Detection means for detecting cheering levels in time series from audio data of video content data;
Thumbnail image extraction means for extracting a thumbnail image of at least one frame from each section obtained by dividing video content data at equal time intervals;
Each thumbnail image extracted by the image extracting means is arranged in chronological order so that a plurality of thumbnail images are displayed in a normal size and the other thumbnail images are displayed with a smaller horizontal size than the normal size. A thumbnail image list display means for displaying on the display area,
The information processing apparatus according to claim 1, wherein the plurality of thumbnail images displayed at a normal size by the thumbnail image list display unit are a plurality of thumbnail images extracted according to a cheer level detected by the detection unit.

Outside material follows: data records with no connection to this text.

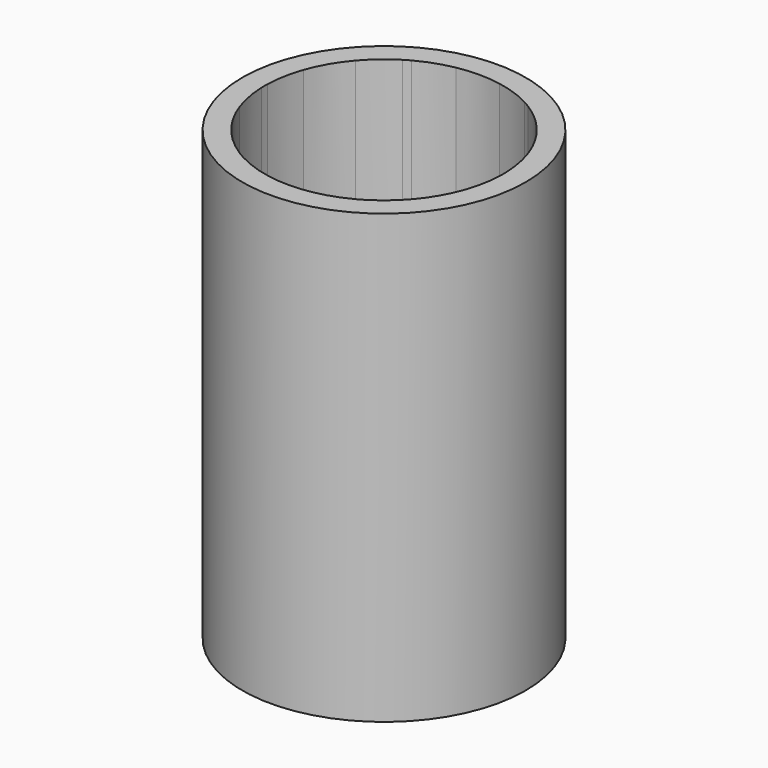
from build123d import *
from build123d import SkipClean  # not in build123d's __all__

# Parameters (mm, degrees)
F0_R     = 9.5
F1_DEPTH = 30
F2_R     = 8
F3_DEPTH = 12


with BuildPart() as f1:
    # F0 (on Top) → F1 (new body)
    with BuildSketch(Plane.XY):
        Circle(F0_R)
        with BuildLine():
            ThreePointArc((7.6873045768, 2.2148021003), (7.8289250313, 1.6455797926), (7.9284564034, 1.0675106838))
            Line((7.9284564034, 1.0675106838), (8.544783984, 0))
            Line((8.544783984, 0), (7.9284564034, -1.0675106838))
            ThreePointArc((7.9284564034, -1.0675106838), (7.8289250313, -1.6455797926), (7.6873045768, -2.2148021003))
            Line((7.6873045768, -2.2148021003), (8.544783984, -3.7))
            Line((8.544783984, -3.7), (7.476685986, -5.55))
            Line((7.476685986, -5.55), (5.7617271716, -5.55))
            ThreePointArc((5.7617271716, -5.55), (5.33957642, -5.9572580651), (4.8887195726, -6.3324893162))
            Line((4.8887195726, -6.3324893162), (4.272391992, -7.4))
            Line((4.272391992, -7.4), (3.0397368307, -7.4))
            ThreePointArc((3.0397368307, -7.4), (2.4893486113, -7.6028378578), (1.9255774052, -7.7648021003))
            Line((1.9255774052, -7.7648021003), (1.068097998, -9.25))
            Line((1.068097998, -9.25), (-1.068097998, -9.25))
            Line((-1.068097998, -9.25), (-1.9255774052, -7.7648021003))
            ThreePointArc((-1.9255774052, -7.7648021003), (-2.4893486113, -7.6028378578), (-3.0397368307, -7.4))
            Line((-3.0397368307, -7.4), (-4.272391992, -7.4))
            Line((-4.272391992, -7.4), (-4.8887195726, -6.3324893162))
            ThreePointArc((-4.8887195726, -6.3324893162), (-5.33957642, -5.9572580651), (-5.7617271716, -5.55))
            Line((-5.7617271716, -5.55), (-7.476685986, -5.55))
            Line((-7.476685986, -5.55), (-8.544783984, -3.7))
            Line((-8.544783984, -3.7), (-7.6873045768, -2.2148021003))
            ThreePointArc((-7.6873045768, -2.2148021003), (-7.8289250313, -1.6455797926), (-7.9284564034, -1.0675106838))
            Line((-7.9284564034, -1.0675106838), (-8.544783984, 0))
            Line((-8.544783984, 0), (-7.9284564034, 1.0675106838))
            ThreePointArc((-7.9284564034, 1.0675106838), (-7.8289250313, 1.6455797926), (-7.6873045768, 2.2148021003))
            Line((-7.6873045768, 2.2148021003), (-8.544783984, 3.7))
            Line((-8.544783984, 3.7), (-7.476685986, 5.55))
            Line((-7.476685986, 5.55), (-5.7617271716, 5.55))
            ThreePointArc((-5.7617271716, 5.55), (-5.33957642, 5.9572580651), (-4.8887195726, 6.3324893162))
            Line((-4.8887195726, 6.3324893162), (-4.272391992, 7.4))
            Line((-4.272391992, 7.4), (-3.0397368307, 7.4))
            ThreePointArc((-3.0397368307, 7.4), (-2.4893486113, 7.6028378578), (-1.9255774052, 7.7648021003))
            Line((-1.9255774052, 7.7648021003), (-1.068097998, 9.25))
            Line((-1.068097998, 9.25), (1.068097998, 9.25))
            Line((1.068097998, 9.25), (1.9255774052, 7.7648021003))
            ThreePointArc((1.9255774052, 7.7648021003), (2.4893486113, 7.6028378578), (3.0397368307, 7.4))
            Line((3.0397368307, 7.4), (4.272391992, 7.4))
            Line((4.272391992, 7.4), (4.8887195726, 6.3324893162))
            ThreePointArc((4.8887195726, 6.3324893162), (5.33957642, 5.9572580651), (5.7617271716, 5.55))
            Line((5.7617271716, 5.55), (7.476685986, 5.55))
            Line((7.476685986, 5.55), (8.544783984, 3.7))
            Line((8.544783984, 3.7), (7.6873045768, 2.2148021003))
        make_face(mode=Mode.SUBTRACT)
        Polygon((-2.136195996, 0), (-1.068097998, 1.85), (-2.136195996, 3.7), (-4.272391992, 3.7), (-5.34048999, 1.85), (-4.272391992, 0), align=None)
        Polygon((-4.0703193978, 3.35), (-2.3382685902, 3.35), (-1.4722431864, 1.85), (-2.3382685902, 0.35), (-4.0703193978, 0.35), (-4.9363448016, 1.85), align=None, mode=Mode.SUBTRACT)
        Polygon((-2.136195996, -3.7), (-1.068097998, -1.85), (-2.136195996, 0), (-4.272391992, 0), (-5.34048999, -1.85), (-4.272391992, -3.7), align=None)
        Polygon((-4.9363448016, -1.85), (-4.0703193978, -0.35), (-2.3382685902, -0.35), (-1.4722431864, -1.85), (-2.3382685902, -3.35), (-4.0703193978, -3.35), align=None, mode=Mode.SUBTRACT)
        Polygon((1.068097998, -5.55), (2.136195996, -3.7), (1.068097998, -1.85), (-1.068097998, -1.85), (-2.136195996, -3.7), (-1.068097998, -5.55), align=None)
        Polygon((-0.8660254038, -5.2), (-1.7320508076, -3.7), (-0.8660254038, -2.2), (0.8660254038, -2.2), (1.7320508076, -3.7), (0.8660254038, -5.2), align=None, mode=Mode.SUBTRACT)
        Polygon((4.272391992, -3.7), (5.34048999, -1.85), (4.272391992, 0), (2.136195996, 0), (1.068097998, -1.85), (2.136195996, -3.7), align=None)
        Polygon((4.9363448016, -1.85), (4.0703193978, -3.35), (2.3382685902, -3.35), (1.4722431864, -1.85), (2.3382685902, -0.35), (4.0703193978, -0.35), align=None, mode=Mode.SUBTRACT)
        Polygon((4.272391992, 0), (5.34048999, 1.85), (4.272391992, 3.7), (2.136195996, 3.7), (1.068097998, 1.85), (2.136195996, 0), align=None)
        Polygon((4.0703193978, 3.35), (4.9363448016, 1.85), (4.0703193978, 0.35), (2.3382685902, 0.35), (1.4722431864, 1.85), (2.3382685902, 3.35), align=None, mode=Mode.SUBTRACT)
        Polygon((1.068097998, 1.85), (2.136195996, 3.7), (1.068097998, 5.55), (-1.068097998, 5.55), (-2.136195996, 3.7), (-1.068097998, 1.85), align=None)
        Polygon((0.8660254038, 5.2), (1.7320508076, 3.7), (0.8660254038, 2.2), (-0.8660254038, 2.2), (-1.7320508076, 3.7), (-0.8660254038, 5.2), align=None, mode=Mode.SUBTRACT)
        Polygon((1.068097998, -1.85), (2.136195996, 0), (1.068097998, 1.85), (-1.068097998, 1.85), (-2.136195996, 0), (-1.068097998, -1.85), align=None)
        Polygon((0.8660254038, 1.5), (1.7320508076, 0), (0.8660254038, -1.5), (-0.8660254038, -1.5), (-1.7320508076, 0), (-0.8660254038, 1.5), align=None, mode=Mode.SUBTRACT)
        with BuildLine():
            Line((-2.136195996, 3.7), (-1.068097998, 5.55))
            Line((-1.068097998, 5.55), (-2.136195996, 7.4))
            Line((-2.136195996, 7.4), (-3.0397368307, 7.4))
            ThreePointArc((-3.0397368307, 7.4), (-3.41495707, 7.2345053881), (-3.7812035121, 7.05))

The thumbnail image extraction means extracts time stamp information in which the thumbnail image appears in the video content data together with each thumbnail image,
The plurality of thumbnail images displayed as a normal size by the thumbnail image list display means are thumbnail images having time stamp information that is the same as or closest to a plurality of higher-level cheer levels detected by the detection means. The information processing apparatus according to claim 7.